Наконец я уловил за одной из дверей то, что искал: там смеялись, гомонили, а главное – чокались. По неписаным законам Дома творчества, если сосед заглянул, скажем, за кипятильником и угодил к застолью, его немедленно приобщали к пьянке, порой даже насильно. Я постучал и, не дожидаясь приглашения, толкнул дверь. В номере шел пир. В сизом дыму я различил Вовку Шлионского, у него на плече висела все та же дама в красном. Певец тундры поэт Билибердиев, улыбаясь широким, как бубен, лицом, резал длинным кавказским кинжалом батон колбасы, а пьяненький Краскин, засучив рукав, ловил в трехлитровой банке с рассолом увертливый, как рыбка, огурец. На кровати лицом к стене храпело, побулькивая, неопознанное писательское тело, укрытое пегой буркой.

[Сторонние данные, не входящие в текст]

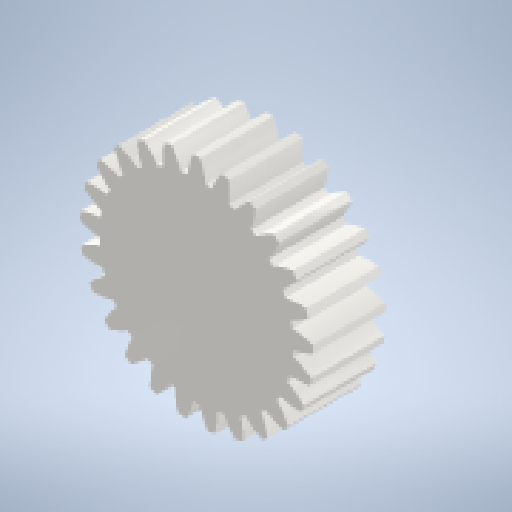
# Autodesk Inventor part: Spur Gear1
Saved by Autodesk Inventor 2023 (Build 270158030, 158C)
## iProperties
Created: 2024-09-26
Part Number: Spur Gear1
Material: Steel
Document SubType Name: Modeling
Designer: lvrectanus0
Categories: <?xml version="1.0" encoding="UTF-16"?> <MemberInstance><Categories><FamilyTemplate><FamilyTemplateParameter ValueType="xs:double" Id="1" ObjectReferenceKey="da_z" ObjectType="kUserParameterObject"/><FamilyTemplateParameter ValueType="xs:double" Id="2" ObjectReferenceKey="da_b" ObjectType="kUserParameterObject"/><FamilyTemplateParameter ValueType="xs:double" Id="3" ObjectReferenceKey="da_beta" ObjectType="kUserParameterObject"/><FamilyTemplateParameter ValueType="xs:double" Id="4" ObjectReferenceKey="da_da" ObjectType="kUserParameterObject"/><FamilyTemplateParameter ValueType="xs:double" Id="5" ObjectReferenceKey="da_aw" ObjectType="kUserParameterObject"/><FamilyTemplateParameter ValueType="xs:string" Id="6" ObjectReferenceKey="EAIAABAAAAC/AAAAAAAAAIAAAAAAAAAA" ObjectType="83910656" SubObjectId="SurfaceGeometry"/></FamilyTemplate><ParamToTemplateMap><ParamToTemplate CategoryParameter="//CategoryParameter[@InternalName='046C89C9-8512-4d59-83FE-43B91F4F132A']" TemplateParameter="1"/><ParamToTemplate CategoryParameter="//CategoryParameter[@InternalName='2552DF32-E462-4b46-AEBF-C6C7768E72AC']" TemplateParameter="2"/><ParamToTemplate CategoryParameter="//CategoryParameter[@InternalName='C9EE641D-15FC-4fae-A226-E94C4372FDD7']" TemplateParameter="3"/><ParamToTemplate><ParamToTemplate CategoryParameter="//CategoryParameter[@InternalName='00B6519A-459B-49c7-AD84-2E56D39A5744']" ConstantValue="0.000000"/></ParamToTemplate><ParamToTemplate><ParamToTemplate CategoryParameter="//CategoryParameter[@InternalName='04B31F0E-C7A6-4894-AA32-9629BEFACF47']" ConstantValue="1.000000"/></ParamToTemplate><ParamToTemplate><ParamToTemplate CategoryParameter="//CategoryParameter[@InternalName='43CBEC2E-7847-49e7-A936-2F7889FCB2D9']" ConstantValue="0.250000"/></ParamToTemplate><ParamToTemplate><ParamToTemplate CategoryParameter="//CategoryParameter[@InternalName='B1EFC894-105D-4ebd-86BF-FA20ED196853']" ConstantValue="0.350000"/></ParamToTemplate><ParamToTemplate><ParamToTemplate CategoryParameter="//CategoryParameter[@InternalName='51175063-3D10-4879-93E8-6246FE8B403D']" ConstantValue="2061532430.657340"/></ParamToTemplate><ParamToTemplate><ParamToTemplate CategoryParameter="//CategoryParameter[@InternalName='A3A52E27-4454-46a9-B0BD-C932399B70AF']" ConstantValue="0.300000"/></ParamToTemplate><ParamToTemplate><ParamToTemplate CategoryParameter="//CategoryParameter[@InternalName='91B76062-C214-41d9-B1B9-14D2AB99603D']" ConstantValue="0.149412"/></ParamToTemplate><ParamToTemplate><ParamToTemplate CategoryParameter="//CategoryParameter[@InternalName='374E806E-8B8A-4dda-A9AA-1039D6500AD2']" ConstantValue="6.692913"/></ParamToTemplate><ParamToTemplate><ParamToTemplate CategoryParameter="//CategoryParameter[@InternalName='2D373A89-B862-43d6-8D0B-0CBF12AB9F6C']" ConstantValue="0.349066"/></ParamToTemplate><ParamToTemplate CategoryParameter="//CategoryParameter[@InternalName='37777632-D6A2-4fac-9D53-DB8ACD95C989']" TemplateParameter="4"/><ParamToTemplate CategoryParameter="//CategoryParameter[@InternalName='FD1017F1-B727-4f7e-9707-0F86F1FF9423']" TemplateParameter="5"/><ParamToTemplate><ParamToTemplate CategoryParameter="//CategoryParameter[@InternalName='9E1B4470-B2D3-4ff1-B813-535BB4CDF51A']" ConstantValue="3523220.976809"/></ParamToTemplate><ParamToTemplate><ParamToTemplate CategoryParameter="//CategoryParameter[@InternalName='F8452263-BFF6-458c-9FB1-07C4B99E95CD']" ConstantValue="11397033.805607"/></ParamToTemplate><ParamToTemplate><ParamToTemplate CategoryParameter="//CategoryParameter[@InternalName='3E3BB259-FD49-497f-8171-6EBC954A3479']" ConstantValue="2.000000"/></ParamToTemplate><ParamToTemplate CategoryParameter="//CategoryParameter[@InternalName='27C3BAF2-7550-4e4b-AE2C-0DB134B7D9B7']" TemplateParameter="6"/></ParamToTemplateMap><Category DisplayName="Gear" InternalName="DC85795E-93AB-48d5-8EEE-5A27447B64BD" Mnemonic="Gear"><CategoryParameter DisplayName="z" InternalName="046C89C9-8512-4d59-83FE-43B91F4F132A" Mnemonic="z"/><CategoryParameter DisplayName="b" InternalName="2552DF32-E462-4b46-AEBF-C6C7768E72AC" Mnemonic="b"/><CategoryParameter DisplayName="||b|" InternalName="C9EE641D-15FC-4fae-A226-E94C4372FDD7" Mnemonic="beta"/><CategoryParameter DisplayName="x" InternalName="00B6519A-459B-49c7-AD84-2E56D39A5744" Mnemonic="x"/><CategoryParameter DisplayName="a*" InternalName="04B31F0E-C7A6-4894-AA32-9629BEFACF47" Mnemonic="a"/><CategoryParameter DisplayName="c*" InternalName="43CBEC2E-7847-49e7-A936-2F7889FCB2D9" Mnemonic="c"/><CategoryParameter DisplayName="r|.f|*" InternalName="B1EFC894-105D-4ebd-86BF-FA20ED196853" Mnemonic="rf"/><CategoryParameter DisplayName="E" InternalName="51175063-3D10-4879-93E8-6246FE8B403D" Mnemonic="E"/><CategoryParameter DisplayName="||m|" InternalName="A3A52E27-4454-46a9-B0BD-C932399B70AF" Mnemonic="mi"/><Category DisplayName="SpurGear" InternalName="26C5A22E-A91E-4dfd-A3B3-23CCAFAE1764" Mnemonic="SpurGear"><CategoryParameter DisplayName="m" InternalName="91B76062-C214-41d9-B1B9-14D2AB99603D" Mnemonic="m"/><CategoryParameter DisplayName="P" InternalName="374E806E-8B8A-4dda-A9AA-1039D6500AD2" Mnemonic="PP"/><CategoryParameter DisplayName="||a|" InternalName="2D373A89-B862-43d6-8D0B-0CBF12AB9F6C" Mnemonic="alpha"/><CategoryParameter DisplayName="d|.a|" InternalName="37777632-D6A2-4fac-9D53-DB8ACD95C989" Mnemonic="da"/><CategoryParameter DisplayName="a|.w|" InternalName="FD1017F1-B727-4f7e-9707-0F86F1FF9423" Mnemonic="aw"/><CategoryParameter DisplayName="||s||.Flim|" InternalName="9E1B4470-B2D3-4ff1-B813-535BB4CDF51A" Mnemonic="sFlim"/><CategoryParameter DisplayName="||s||.Hlim|" InternalName="F8452263-BFF6-458c-9FB1-07C4B99E95CD" Mnemonic="sHlim"/><CategoryParameter DisplayName="type" InternalName="3E3BB259-FD49-497f-8171-6EBC954A3479" Mnemonic="type"/><CategoryParameter DisplayName="PitchDiameter" InternalName="27C3BAF2-7550-4e4b-AE2C-0DB134B7D9B7" Mnemonic="IDS_PITCHDIAM"/></Category></Category></Categories></MemberInstance>
Density: 1 g/cm^3
Appearance: Steel
CustomPartVersion: 1
Author: lvrectanus0
Autodesk Inventor part; units mm, degrees
ref_plane "YZ Plane" through (0, 0, 0) normal (1, 0, 0) x (0, 1, 0)
ref_plane "XZ Plane" through (0, 0, 0) normal (0, 1, 0) x (-1, 0, 0)
ref_plane "XY Plane" through (0, 0, 0) normal (0, 0, 1) x (1, 0, 0)
sketch "Sketch1" plane through (0, 0, 0) normal (0, 0, 1) x (1, 0, 0)
  circle A0 centre (0, 0) radius 20.1697
  dimension "d0" = 40.3394
  constraints: 1 centre point
  measures "d0" diameter of A0
extrude "Extrusion1" add sketch "Sketch1" along normal blind 12.7
sketch "Sketch2" plane through (0, 0, 0) normal (0, 0, -1) x (-1, 0, 0)
  circle A0 centre (0, 0) radius 20.1697 projected
  circle A1 centre (0, 0) radius 18.6765
  dimension "d3" = 37.3529
  constraints: 1 centre point, 1 coincident
  measures "d3" diameter of A1
surface extrude "Pitch Diameter" sketch "Sketch2" against normal through all shown no curves A1
ref_plane "Work Plane1" through (0, 0, 0) normal (1, 0, 0) x (0, 1, 0)
ref_plane "Work Plane2" through (0, 0, 0) normal (0.9921147, 0.1253332, 0) x (0, 0, 1)
ref_plane "Work Plane3" through (0, 0, 6.35) normal (0, 0, -1) x (-1, 0, 0)
spur gear teeth "Spur Gear" teeth 25 pitch diameter 37.3529 tip diameter 40.3394 root diameter 33.6176 face width 12.7 start plane through (0, 0, 0) normal (0, 0, -1) x (-1, 0, 0)
sketch "Sketch3" plane through (0, 0, 0) normal (0, 0, -1) x (-1, 0, 0)
  spline S0 degree 3 poles (13.7795, 0) (13.7795, 0.8167) (13.7075, 1.6265) (13.5636, 2.4297) (13.559, 2.4556) (13.5545, 2.4799) (13.5495, 2.5074) (13.392, 3.3584) (13.1564, 4.1874) (12.8426, 4.9942) (12.8325, 5.0202) (12.8227, 5.0451) (12.812, 5.0722) (12.4908, 5.8837) (12.0961, 6.6575) (11.628, 7.3936) (11.5968, 7.4426) (11.5659, 7.4905) (11.5334, 7.5403) (11.0131, 8.3362) (10.416, 9.0712) (9.7436, 9.7436) (9.1132, 10.374) (8.4283, 10.9377) (7.6889, 11.4348) (7.6396, 11.468) (7.589, 11.5015) (7.5403, 11.5334) (6.7854, 12.0269) (5.9898, 12.4423) (5.1532, 12.7796) (5.1263, 12.7905) (5.0981, 12.8017) (5.0722, 12.812) (4.2674, 13.1306) (3.44, 13.3713) (2.5897, 13.534) (2.5623, 13.5392) (2.5332, 13.5447) (2.5074, 13.5495) (1.679, 13.7028) (0.8425, 13.7795) (0, 13.7795) (-0.8161, 13.7795) (-1.626, 13.7076) (-2.4296, 13.5636) (-2.4555, 13.559) (-2.4799, 13.5545) (-2.5074, 13.5495) (-3.3584, 13.392) (-4.1874, 13.1564) (-4.9942, 12.8426) (-5.0202, 12.8325) (-5.0451, 12.8227) (-5.0722, 12.812) (-5.8837, 12.4908) (-6.6575, 12.0961) (-7.3936, 11.628) (-7.4426, 11.5968) (-7.4905, 11.5659) (-7.5403, 11.5334) (-8.3362, 11.0131) (-9.0712, 10.416) (-9.7436, 9.7436) (-10.374, 9.1132) (-10.9377, 8.4283) (-11.4348, 7.6889) (-11.468, 7.6396) (-11.5015, 7.589) (-11.5334, 7.5403) (-12.0269, 6.7854) (-12.4423, 5.9898) (-12.7796, 5.1532) (-12.7905, 5.1263) (-12.8017, 5.0981) (-12.812, 5.0722) (-13.1306, 4.2674) (-13.3713, 3.44) (-13.534, 2.5897) (-13.5392, 2.5623) (-13.5447, 2.5332) (-13.5495, 2.5074) (-13.7028, 1.679) (-13.7795, 0.8425) (-13.7795, 0) knots 0 0 0 0 0.030273 0.030273 0.030273 0.03125 0.03125 0.03125 0.061523 0.061523 0.061523 0.0625 0.0625 0.0625 0.091797 0.091797 0.091797 0.09375 0.09375 0.09375 0.125 0.125 0.125 0.154297 0.154297 0.154297 0.15625 0.15625 0.15625 0.186523 0.186523 0.186523 0.1875 0.1875 0.1875 0.217773 0.217773 0.217773 0.21875 0.21875 0.21875 0.25 0.25 0.25 0.280273 0.280273 0.280273 0.28125 0.28125 0.28125 0.311523 0.311523 0.311523 0.3125 0.3125 0.3125 0.341797 0.341797 0.341797 0.34375 0.34375 0.34375 0.375 0.375 0.375 0.404297 0.404297 0.404297 0.40625 0.40625 0.40625 0.436523 0.436523 0.436523 0.4375 0.4375 0.4375 0.467773 0.467773 0.467773 0.46875 0.46875 0.46875 0.5 0.5 0.5 0.5 projected
  spline S1 degree 3 poles (-13.7795, 0) (-13.7795, -0.8161) (-13.7076, -1.626) (-13.5636, -2.4296) (-13.559, -2.4555) (-13.5545, -2.4799) (-13.5495, -2.5074) (-13.392, -3.3584) (-13.1564, -4.1874) (-12.8426, -4.9942) (-12.8325, -5.0202) (-12.8227, -5.0451) (-12.812, -5.0722) (-12.4908, -5.8837) (-12.0961, -6.6575) (-11.628, -7.3936) (-11.5968, -7.4426) (-11.5659, -7.4905) (-11.5334, -7.5403) (-11.0131, -8.3362) (-10.416, -9.0712) (-9.7436, -9.7436) (-9.1132, -10.374) (-8.4283, -10.9377) (-7.6889, -11.4348) (-7.6396, -11.468) (-7.589, -11.5015) (-7.5403, -11.5334) (-6.7854, -12.0269) (-5.9898, -12.4423) (-5.1532, -12.7796) (-5.1263, -12.7905) (-5.0981, -12.8017) (-5.0722, -12.812) (-4.2674, -13.1306) (-3.44, -13.3713) (-2.5897, -13.534) (-2.5623, -13.5392) (-2.5332, -13.5447) (-2.5074, -13.5495) (-1.679, -13.7028) (-0.8425, -13.7795) (0, -13.7795) (0.8161, -13.7795) (1.626, -13.7076) (2.4296, -13.5636) (2.4555, -13.559) (2.4799, -13.5545) (2.5074, -13.5495) (3.3584, -13.392) (4.1874, -13.1564) (4.9942, -12.8426) (5.0202, -12.8325) (5.0451, -12.8227) (5.0722, -12.812) (5.8837, -12.4908) (6.6575, -12.0961) (7.3936, -11.628) (7.4426, -11.5968) (7.4905, -11.5659) (7.5403, -11.5334) (8.3362, -11.0131) (9.0712, -10.416) (9.7436, -9.7436) (10.374, -9.1132) (10.9377, -8.4283) (11.4348, -7.6889) (11.468, -7.6396) (11.5015, -7.589) (11.5334, -7.5403) (12.0269, -6.7854) (12.4423, -5.9898) (12.7796, -5.1532) (12.7905, -5.1263) (12.8017, -5.0981) (12.812, -5.0722) (13.1306, -4.2674) (13.3713, -3.44) (13.534, -2.5897) (13.5392, -2.5623) (13.5447, -2.5333) (13.5495, -2.5074) (13.7029, -1.6784) (13.7796, -0.8426) (13.7795, 0) knots 0.5 0.5 0.5 0.5 0.530273 0.530273 0.530273 0.53125 0.53125 0.53125 0.561523 0.561523 0.561523 0.5625 0.5625 0.5625 0.591797 0.591797 0.591797 0.59375 0.59375 0.59375 0.625 0.625 0.625 0.654297 0.654297 0.654297 0.65625 0.65625 0.65625 0.686523 0.686523 0.686523 0.6875 0.6875 0.6875 0.717773 0.717773 0.717773 0.71875 0.71875 0.71875 0.75 0.75 0.75 0.780273 0.780273 0.780273 0.78125 0.78125 0.78125 0.811523 0.811523 0.811523 0.8125 0.8125 0.8125 0.841797 0.841797 0.841797 0.84375 0.84375 0.84375 0.875 0.875 0.875 0.904297 0.904297 0.904297 0.90625 0.90625 0.90625 0.936523 0.936523 0.936523 0.9375 0.9375 0.9375 0.967773 0.967773 0.967773 0.96875 0.96875 0.96875 1 1 1 1 projected
  line L0 (-2.7496, 4.7625) -> (2.7496, 4.7625) projected
  line L1 (2.7496, 4.7625) -> (5.4993, 0) projected
  line L2 (5.4993, 0) -> (2.7496, -4.7625) projected
  line L3 (2.7496, -4.7625) -> (-2.7496, -4.7625) projected
  line L4 (-2.7496, -4.7625) -> (-5.4993, 0) projected
  line L5 (-5.4993, 0) -> (-2.7496, 4.7625) projected
  point P0 (0, 0)
ref_plane "Work Plane4" through (-13.7797, -13.7797, -7.9273) normal (0, 0, -1) x (0, 1, 0)
extrude "Extrusion2" add sketch "Sketch3" along normal up to surface (7.9273 mm away) contours L0 L1 L2 L3 L4 L5
chamfer "Chamfer1" distance 1.27 angle 45 6 edges at (4.1244, 2.3813, -7.9273) (0, 4.7625, -7.9273) (-4.1244, 2.3813, -7.9273) (-4.1244, -2.3813, -7.9273) (0, -4.7625, -7.9273) (4.1244, -2.3813, -7.9273)
equation "\"d0\" = da_da"
equation "\"d1\" = da_b"
equation "\"d3\" = da_d"
equation "\"d15\" = da_aw"
equation "\"d19\" = da_aw"
equation "\"da_da\" = 40.339364"
equation "\"da_b\" = 12.7"
equation "\"da_d\" = 37.352941"
equation "\"da_aw\" = 47.171429"
body "Solid1"
body "Srf1"

– Жора! – воскликнули пирующие. – Заходи!
Мне тут же всунули в руку знакомый рог и наполнили его портвейном, пахшим клеем «Момент», а певец тундры поднес мне на ноже кусок колбасы толщиной с копыто.
– А где Шовхал? – спросил я, сообразив, в чей номер попал.
– Пей! – приказал Вовка.
– Ты же в Кургане?
– Рейс утром.
– А где Шовхал?
– Он с Розкой, – объяснил Лева. – Пей!
– Она же терпеть не может нацменов.
– Я портвейн тоже не люблю, а что делать? Пей!
– Сам ты, Левка, еврей нерусский, – оскорбился Билибердиев и встал, чтобы уйти.
– Евреи – прекрасные любовники! – полуочнулась дама в красном.
– Пейте, гады! – рявкнул Шлионский. – А ты, сука, спи!
Мы выпили за дружбу народов и поцеловались в знак примирения. Когда Билибердиев объяснял, чем ягель отличается от подмосковных мхов и лишайников, вернулся, красный и распаренный, как после бани, Шовхал. Он обнял Леву, сказал, что такой страстной женщины у него никогда еще не было, если не считать одну проводницу поезда Махачкала – Москва. Ликуя, горец вытащил из-под кровати чемодан и достал двадцатилетний дагестанский коньяк. Мы подняли стаканы за мужскую мощь горцев.
– А правда, что вы тренируетесь на ослихах? – спросил Лева, спьяну становившийся ехидным.
– Кто тебе сказал? – тускло поинтересовался Шовхал и потянулся к кинжалу.
– Я пошутил… – испугался альпинист.
– Не надо так шутить!
Дама в красном стала кричать, что самая страстная женщина в мире она и готова немедленно доказать это всякому, кто сомневается. Сомневающихся не нашлось, и она, удовлетворенная, уснула.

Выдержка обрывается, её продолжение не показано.